- [EXERCISE INSTRUCTIONS] From the first line to the last, transcribe the data exactly.

- [Stored dataset items]
┌──

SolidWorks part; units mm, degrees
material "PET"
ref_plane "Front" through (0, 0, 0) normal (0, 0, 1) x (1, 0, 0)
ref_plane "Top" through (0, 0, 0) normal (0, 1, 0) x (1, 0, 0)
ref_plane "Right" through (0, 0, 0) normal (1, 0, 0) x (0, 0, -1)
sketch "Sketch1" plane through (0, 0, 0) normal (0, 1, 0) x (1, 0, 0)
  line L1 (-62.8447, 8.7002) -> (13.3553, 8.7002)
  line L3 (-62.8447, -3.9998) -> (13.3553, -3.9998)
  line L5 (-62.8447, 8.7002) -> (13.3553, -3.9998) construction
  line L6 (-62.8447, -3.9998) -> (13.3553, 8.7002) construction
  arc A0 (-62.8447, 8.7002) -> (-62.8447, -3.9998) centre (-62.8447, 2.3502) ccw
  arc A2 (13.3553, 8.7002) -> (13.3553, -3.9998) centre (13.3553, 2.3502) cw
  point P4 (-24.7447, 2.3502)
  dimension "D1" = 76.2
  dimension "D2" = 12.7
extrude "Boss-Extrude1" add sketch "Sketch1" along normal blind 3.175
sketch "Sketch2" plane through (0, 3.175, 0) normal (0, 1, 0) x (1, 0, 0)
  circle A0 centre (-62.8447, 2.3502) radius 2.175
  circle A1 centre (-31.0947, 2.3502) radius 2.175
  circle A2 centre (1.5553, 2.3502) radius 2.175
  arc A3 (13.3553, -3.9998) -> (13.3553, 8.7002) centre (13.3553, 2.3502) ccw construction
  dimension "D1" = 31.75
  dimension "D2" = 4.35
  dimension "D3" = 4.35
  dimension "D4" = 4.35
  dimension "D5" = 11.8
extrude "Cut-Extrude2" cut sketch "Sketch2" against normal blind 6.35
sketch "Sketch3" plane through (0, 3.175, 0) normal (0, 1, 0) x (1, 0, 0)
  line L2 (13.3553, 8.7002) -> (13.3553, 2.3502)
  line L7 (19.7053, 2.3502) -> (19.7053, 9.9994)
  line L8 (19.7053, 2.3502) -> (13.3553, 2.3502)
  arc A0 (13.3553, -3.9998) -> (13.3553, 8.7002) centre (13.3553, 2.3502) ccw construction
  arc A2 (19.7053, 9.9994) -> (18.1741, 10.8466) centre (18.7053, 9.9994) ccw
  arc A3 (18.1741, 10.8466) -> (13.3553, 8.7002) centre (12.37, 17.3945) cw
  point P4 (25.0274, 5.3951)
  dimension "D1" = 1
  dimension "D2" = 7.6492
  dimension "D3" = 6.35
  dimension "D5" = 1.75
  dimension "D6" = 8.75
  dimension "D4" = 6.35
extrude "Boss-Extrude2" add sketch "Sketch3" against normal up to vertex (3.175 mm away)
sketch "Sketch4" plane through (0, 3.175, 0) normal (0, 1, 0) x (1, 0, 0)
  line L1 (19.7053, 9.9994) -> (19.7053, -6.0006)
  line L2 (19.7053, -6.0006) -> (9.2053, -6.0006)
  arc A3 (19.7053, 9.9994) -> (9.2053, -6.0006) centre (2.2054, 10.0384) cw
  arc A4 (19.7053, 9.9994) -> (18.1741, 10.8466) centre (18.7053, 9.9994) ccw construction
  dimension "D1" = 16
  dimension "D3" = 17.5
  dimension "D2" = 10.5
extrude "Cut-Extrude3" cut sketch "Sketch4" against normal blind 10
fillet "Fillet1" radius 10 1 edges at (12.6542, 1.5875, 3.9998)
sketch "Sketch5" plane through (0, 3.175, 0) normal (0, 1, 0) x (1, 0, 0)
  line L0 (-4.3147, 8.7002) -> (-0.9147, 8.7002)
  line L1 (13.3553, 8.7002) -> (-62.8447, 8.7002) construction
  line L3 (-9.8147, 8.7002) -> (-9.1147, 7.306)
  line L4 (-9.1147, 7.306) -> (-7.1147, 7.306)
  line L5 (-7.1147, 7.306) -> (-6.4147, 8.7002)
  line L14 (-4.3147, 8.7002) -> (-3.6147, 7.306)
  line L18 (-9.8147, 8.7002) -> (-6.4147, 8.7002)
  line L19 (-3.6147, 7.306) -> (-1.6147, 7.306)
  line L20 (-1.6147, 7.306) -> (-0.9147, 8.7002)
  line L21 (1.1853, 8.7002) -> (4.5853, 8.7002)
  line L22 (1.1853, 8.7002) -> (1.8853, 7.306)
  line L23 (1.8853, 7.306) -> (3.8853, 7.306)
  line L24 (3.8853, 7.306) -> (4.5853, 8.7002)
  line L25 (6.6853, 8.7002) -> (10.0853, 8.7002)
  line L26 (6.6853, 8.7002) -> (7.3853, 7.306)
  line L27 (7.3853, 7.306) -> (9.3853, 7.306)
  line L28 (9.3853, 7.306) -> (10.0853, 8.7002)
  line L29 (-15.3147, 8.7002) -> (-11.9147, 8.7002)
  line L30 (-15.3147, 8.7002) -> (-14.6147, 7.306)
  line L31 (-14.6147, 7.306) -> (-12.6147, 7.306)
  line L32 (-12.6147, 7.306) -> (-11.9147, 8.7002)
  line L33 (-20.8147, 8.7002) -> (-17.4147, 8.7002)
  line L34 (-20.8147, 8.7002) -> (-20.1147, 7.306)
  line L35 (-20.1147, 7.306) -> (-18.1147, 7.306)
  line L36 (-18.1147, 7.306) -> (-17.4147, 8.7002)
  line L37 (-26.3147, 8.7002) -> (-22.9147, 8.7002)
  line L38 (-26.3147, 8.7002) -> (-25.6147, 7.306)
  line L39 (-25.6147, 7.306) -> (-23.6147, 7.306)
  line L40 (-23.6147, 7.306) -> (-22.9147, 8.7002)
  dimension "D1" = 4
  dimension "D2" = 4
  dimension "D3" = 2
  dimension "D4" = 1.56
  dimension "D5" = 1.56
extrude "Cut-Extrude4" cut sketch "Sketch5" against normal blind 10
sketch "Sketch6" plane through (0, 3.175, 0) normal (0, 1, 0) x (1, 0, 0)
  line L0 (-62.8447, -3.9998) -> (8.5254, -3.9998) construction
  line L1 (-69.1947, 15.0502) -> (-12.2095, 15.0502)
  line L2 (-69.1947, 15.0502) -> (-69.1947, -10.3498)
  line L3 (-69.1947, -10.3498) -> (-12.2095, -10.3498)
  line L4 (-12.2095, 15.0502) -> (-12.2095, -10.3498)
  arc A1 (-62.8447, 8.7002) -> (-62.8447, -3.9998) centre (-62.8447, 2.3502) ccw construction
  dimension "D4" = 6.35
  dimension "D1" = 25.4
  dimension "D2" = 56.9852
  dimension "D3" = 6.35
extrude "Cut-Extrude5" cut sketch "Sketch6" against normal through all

└──

- [OUTPUT BELOW]
SolidWorks part; units mm, degrees
material "PET"
ref_plane "Front" through (0, 0, 0) normal (0, 0, 1) x (1, 0, 0)
ref_plane "Top" through (0, 0, 0) normal (0, 1, 0) x (1, 0, 0)
ref_plane "Right" through (0, 0, 0) normal (1, 0, 0) x (0, 0, -1)
sketch "Sketch1" plane through (0, 0, 0) normal (0, 1, 0) x (1, 0, 0)
  line L1 (-62.8447, 8.7002) -> (13.3553, 8.7002)
  line L3 (-62.8447, -3.9998) -> (13.3553, -3.9998)
  line L5 (-62.8447, 8.7002) -> (13.3553, -3.9998) construction
  line L6 (-62.8447, -3.9998) -> (13.3553, 8.7002) construction
  arc A0 (-62.8447, 8.7002) -> (-62.8447, -3.9998) centre (-62.8447, 2.3502) ccw
  arc A2 (13.3553, 8.7002) -> (13.3553, -3.9998) centre (13.3553, 2.3502) cw
  point P4 (-24.7447, 2.3502)
  dimension "D1" = 76.2
  dimension "D2" = 12.7
extrude "Boss-Extrude1" add sketch "Sketch1" along normal blind 3.175
sketch "Sketch2" plane through (0, 3.175, 0) normal (0, 1, 0) x (1, 0, 0)
  circle A0 centre (-62.8447, 2.3502) radius 2.175
  circle A1 centre (-31.0947, 2.3502) radius 2.175
  circle A2 centre (1.5553, 2.3502) radius 2.175
  arc A3 (13.3553, -3.9998) -> (13.3553, 8.7002) centre (13.3553, 2.3502) ccw construction
  dimension "D1" = 31.75
  dimension "D2" = 4.35
  dimension "D3" = 4.35
  dimension "D4" = 4.35
  dimension "D5" = 11.8
extrude "Cut-Extrude2" cut sketch "Sketch2" against normal blind 6.35
sketch "Sketch3" plane through (0, 3.175, 0) normal (0, 1, 0) x (1, 0, 0)
  line L2 (13.3553, 8.7002) -> (13.3553, 2.3502)
  line L7 (19.7053, 2.3502) -> (19.7053, 9.9994)
  line L8 (19.7053, 2.3502) -> (13.3553, 2.3502)
  arc A0 (13.3553, -3.9998) -> (13.3553, 8.7002) centre (13.3553, 2.3502) ccw construction
  arc A2 (19.7053, 9.9994) -> (18.1741, 10.8466) centre (18.7053, 9.9994) ccw
  arc A3 (18.1741, 10.8466) -> (13.3553, 8.7002) centre (12.37, 17.3945) cw
  point P4 (25.0274, 5.3951)
  dimension "D1" = 1
  dimension "D2" = 7.6492
  dimension "D3" = 6.35
  dimension "D5" = 1.75
  dimension "D6" = 8.75
  dimension "D4" = 6.35
extrude "Boss-Extrude2" add sketch "Sketch3" against normal up to vertex (3.175 mm away)
sketch "Sketch4" plane through (0, 3.175, 0) normal (0, 1, 0) x (1, 0, 0)
  line L1 (19.7053, 9.9994) -> (19.7053, -6.0006)
  line L2 (19.7053, -6.0006) -> (9.2053, -6.0006)
  arc A3 (19.7053, 9.9994) -> (9.2053, -6.0006) centre (2.2054, 10.0384) cw
  arc A4 (19.7053, 9.9994) -> (18.1741, 10.8466) centre (18.7053, 9.9994) ccw construction
  dimension "D1" = 16
  dimension "D3" = 17.5
  dimension "D2" = 10.5
extrude "Cut-Extrude3" cut sketch "Sketch4" against normal blind 10
fillet "Fillet1" radius 10 1 edges at (12.6542, 1.5875, 3.9998)
sketch "Sketch5" plane through (0, 3.175, 0) normal (0, 1, 0) x (1, 0, 0)
  line L0 (-4.3147, 8.7002) -> (-0.9147, 8.7002)
  line L1 (13.3553, 8.7002) -> (-62.8447, 8.7002) construction
  line L3 (-9.8147, 8.7002) -> (-9.1147, 7.306)
  line L4 (-9.1147, 7.306) -> (-7.1147, 7.306)
  line L5 (-7.1147, 7.306) -> (-6.4147, 8.7002)
  line L14 (-4.3147, 8.7002) -> (-3.6147, 7.306)
  line L18 (-9.8147, 8.7002) -> (-6.4147, 8.7002)
  line L19 (-3.6147, 7.306) -> (-1.6147, 7.306)
  line L20 (-1.6147, 7.306) -> (-0.9147, 8.7002)
  line L21 (1.1853, 8.7002) -> (4.5853, 8.7002)
  line L22 (1.1853, 8.7002) -> (1.8853, 7.306)
  line L23 (1.8853, 7.306) -> (3.8853, 7.306)
  line L24 (3.8853, 7.306) -> (4.5853, 8.7002)
  line L25 (6.6853, 8.7002) -> (10.0853, 8.7002)
  line L26 (6.6853, 8.7002) -> (7.3853, 7.306)
  line L27 (7.3853, 7.306) -> (9.3853, 7.306)
  line L28 (9.3853, 7.306) -> (10.0853, 8.7002)
  line L29 (-15.3147, 8.7002) -> (-11.9147, 8.7002)
  line L30 (-15.3147, 8.7002) -> (-14.6147, 7.306)
  line L31 (-14.6147, 7.306) -> (-12.6147, 7.306)
  line L32 (-12.6147, 7.306) -> (-11.9147, 8.7002)
  line L33 (-20.8147, 8.7002) -> (-17.4147, 8.7002)
  line L34 (-20.8147, 8.7002) -> (-20.1147, 7.306)
  line L35 (-20.1147, 7.306) -> (-18.1147, 7.306)
  line L36 (-18.1147, 7.306) -> (-17.4147, 8.7002)
  line L37 (-26.3147, 8.7002) -> (-22.9147, 8.7002)
  line L38 (-26.3147, 8.7002) -> (-25.6147, 7.306)
  line L39 (-25.6147, 7.306) -> (-23.6147, 7.306)
  line L40 (-23.6147, 7.306) -> (-22.9147, 8.7002)
  dimension "D1" = 4
  dimension "D2" = 4
  dimension "D3" = 2
  dimension "D4" = 1.56
  dimension "D5" = 1.56
extrude "Cut-Extrude4" cut sketch "Sketch5" against normal blind 10
sketch "Sketch6" plane through (0, 3.175, 0) normal (0, 1, 0) x (1, 0, 0)
  line L0 (-62.8447, -3.9998) -> (8.5254, -3.9998) construction
  line L1 (-69.1947, 15.0502) -> (-12.2095, 15.0502)
  line L2 (-69.1947, 15.0502) -> (-69.1947, -10.3498)
  line L3 (-69.1947, -10.3498) -> (-12.2095, -10.3498)
  line L4 (-12.2095, 15.0502) -> (-12.2095, -10.3498)
  arc A1 (-62.8447, 8.7002) -> (-62.8447, -3.9998) centre (-62.8447, 2.3502) ccw construction
  dimension "D4" = 6.35
  dimension "D1" = 25.4
  dimension "D2" = 56.9852
  dimension "D3" = 6.35
extrude "Cut-Extrude5" cut sketch "Sketch6" against normal through all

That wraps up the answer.